(Listed entries Opens)
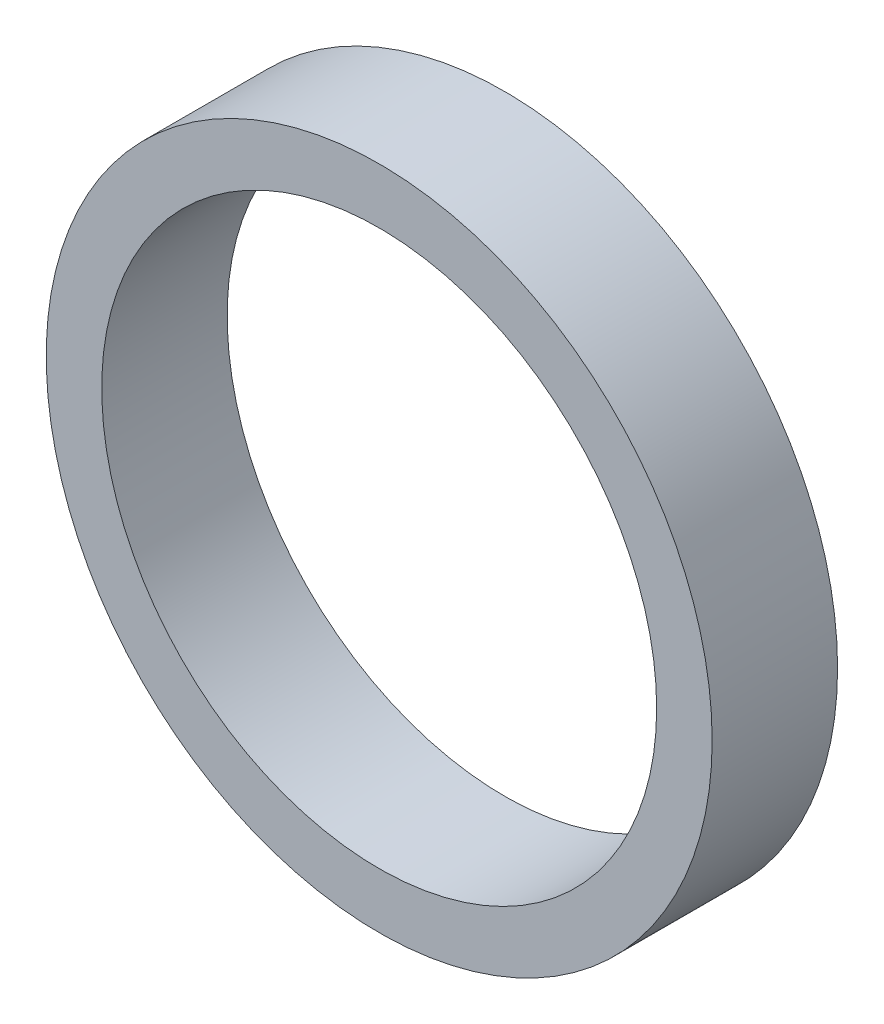
ISO-10303-21;
HEADER;
FILE_DESCRIPTION(('STEP AP214'),'2;1');
FILE_NAME('part.step','',(''),(''),'','','');
FILE_SCHEMA(('AUTOMOTIVE_DESIGN { 1 0 10303 214 1 1 1 1 }'));
ENDSEC;
DATA;
#1=APPLICATION_CONTEXT('core data for automotive mechanical design processes');
#2=APPLICATION_PROTOCOL_DEFINITION('international standard','automotive_design',2000,#1);
#3=PRODUCT_CONTEXT('',#1,'mechanical');
#4=PRODUCT('Part','Part','',(#3));
#5=PRODUCT_RELATED_PRODUCT_CATEGORY('part','',(#4));
#6=PRODUCT_DEFINITION_FORMATION('','',#4);
#7=PRODUCT_DEFINITION_CONTEXT('part definition',#1,'design');
#8=PRODUCT_DEFINITION('design','',#6,#7);
#9=PRODUCT_DEFINITION_SHAPE('','',#8);
#10=(LENGTH_UNIT() NAMED_UNIT(*) SI_UNIT(.MILLI.,.METRE.));
#11=(NAMED_UNIT(*) PLANE_ANGLE_UNIT() SI_UNIT($,.RADIAN.));
#12=(NAMED_UNIT(*) SI_UNIT($,.STERADIAN.) SOLID_ANGLE_UNIT());
#13=UNCERTAINTY_MEASURE_WITH_UNIT(LENGTH_MEASURE(1.E-05),#10,'distance_accuracy_value','');
#14=(GEOMETRIC_REPRESENTATION_CONTEXT(3) GLOBAL_UNCERTAINTY_ASSIGNED_CONTEXT((#13)) GLOBAL_UNIT_ASSIGNED_CONTEXT((#10,
#11,#12)) REPRESENTATION_CONTEXT('',''));
#15=CARTESIAN_POINT('',(0.,0.,0.));
#16=DIRECTION('',(0.,0.,1.));
#17=DIRECTION('',(1.,0.,0.));
#18=AXIS2_PLACEMENT_3D('',#15,#16,#17);
#19=CARTESIAN_POINT('',(0.,0.,5.65));
#20=DIRECTION('',(0.,0.,1.));
#21=DIRECTION('',(1.,0.,0.));
#22=AXIS2_PLACEMENT_3D('',#19,#20,#21);
#23=PLANE('',#22);
#24=CARTESIAN_POINT('',(0.,0.,5.65));
#25=DIRECTION('',(0.,0.,1.));
#26=DIRECTION('',(1.,0.,0.));
#27=AXIS2_PLACEMENT_3D('',#24,#25,#26);
#28=CIRCLE('',#27,15.);
#29=CARTESIAN_POINT('',(15.,0.,5.65));
#30=VERTEX_POINT('',#29);
#31=EDGE_CURVE('E10',#30,#30,#28,.T.);
#32=ORIENTED_EDGE('',*,*,#31,.T.);
#33=EDGE_LOOP('',(#32));
#34=FACE_BOUND('',#33,.T.);
#35=CARTESIAN_POINT('',(0.,0.,5.65));
#36=DIRECTION('',(0.,0.,1.));
#37=DIRECTION('',(1.,0.,0.));
#38=AXIS2_PLACEMENT_3D('',#35,#36,#37);
#39=CIRCLE('',#38,12.5);
#40=CARTESIAN_POINT('',(12.5,0.,5.65));
#41=VERTEX_POINT('',#40);
#42=EDGE_CURVE('E43',#41,#41,#39,.T.);
#43=ORIENTED_EDGE('',*,*,#42,.F.);
#44=EDGE_LOOP('',(#43));
#45=FACE_BOUND('',#44,.T.);
#46=ADVANCED_FACE('F32',(#34,#45),#23,.T.);
#47=CARTESIAN_POINT('',(0.,0.,0.));
#48=DIRECTION('',(0.,0.,1.));
#49=DIRECTION('',(1.,0.,0.));
#50=AXIS2_PLACEMENT_3D('',#47,#48,#49);
#51=PLANE('',#50);
#52=CARTESIAN_POINT('',(0.,0.,0.));
#53=DIRECTION('',(0.,0.,1.));
#54=DIRECTION('',(1.,0.,0.));
#55=AXIS2_PLACEMENT_3D('',#52,#53,#54);
#56=CIRCLE('',#55,15.);
#57=CARTESIAN_POINT('',(15.,0.,0.));
#58=VERTEX_POINT('',#57);
#59=EDGE_CURVE('E36',#58,#58,#56,.T.);
#60=ORIENTED_EDGE('',*,*,#59,.F.);
#61=EDGE_LOOP('',(#60));
#62=FACE_BOUND('',#61,.T.);
#63=CARTESIAN_POINT('',(0.,0.,0.));
#64=DIRECTION('',(0.,0.,1.));
#65=DIRECTION('',(1.,0.,0.));
#66=AXIS2_PLACEMENT_3D('',#63,#64,#65);
#67=CIRCLE('',#66,12.5);
#68=CARTESIAN_POINT('',(12.5,0.,0.));
#69=VERTEX_POINT('',#68);
#70=EDGE_CURVE('E45',#69,#69,#67,.T.);
#71=ORIENTED_EDGE('',*,*,#70,.T.);
#72=EDGE_LOOP('',(#71));
#73=FACE_BOUND('',#72,.T.);
#74=ADVANCED_FACE('F55',(#62,#73),#51,.F.);
#75=CARTESIAN_POINT('',(0.,0.,5.65));
#76=DIRECTION('',(0.,0.,-1.));
#77=DIRECTION('',(-1.,0.,0.));
#78=AXIS2_PLACEMENT_3D('',#75,#76,#77);
#79=CYLINDRICAL_SURFACE('',#78,15.);
#80=ORIENTED_EDGE('',*,*,#31,.F.);
#81=EDGE_LOOP('',(#80));
#82=FACE_BOUND('',#81,.T.);
#83=ORIENTED_EDGE('',*,*,#59,.T.);
#84=EDGE_LOOP('',(#83));
#85=FACE_BOUND('',#84,.T.);
#86=ADVANCED_FACE('F34',(#82,#85),#79,.T.);
#87=CARTESIAN_POINT('',(0.,0.,5.65));
#88=DIRECTION('',(0.,0.,-1.));
#89=DIRECTION('',(-1.,0.,0.));
#90=AXIS2_PLACEMENT_3D('',#87,#88,#89);
#91=CYLINDRICAL_SURFACE('',#90,12.5);
#92=ORIENTED_EDGE('',*,*,#42,.T.);
#93=EDGE_LOOP('',(#92));
#94=FACE_BOUND('',#93,.T.);
#95=ORIENTED_EDGE('',*,*,#70,.F.);
#96=EDGE_LOOP('',(#95));
#97=FACE_BOUND('',#96,.T.);
#98=ADVANCED_FACE('F51',(#94,#97),#91,.F.);
#99=CLOSED_SHELL('',(#46,#74,#86,#98));
#100=MANIFOLD_SOLID_BREP('B2',#99);
#101=ADVANCED_BREP_SHAPE_REPRESENTATION('',(#18,#100),#14);
#102=SHAPE_DEFINITION_REPRESENTATION(#9,#101);
ENDSEC;
END-ISO-10303-21;
(Listed entries Closes)
--- Your assignment ---
Locate the word "CIRCLE" in the records and collect each line it appears in.

--- Reply ---
#28=CIRCLE('',#27,15.);
#39=CIRCLE('',#38,12.5);
#56=CIRCLE('',#55,15.);
#67=CIRCLE('',#66,12.5);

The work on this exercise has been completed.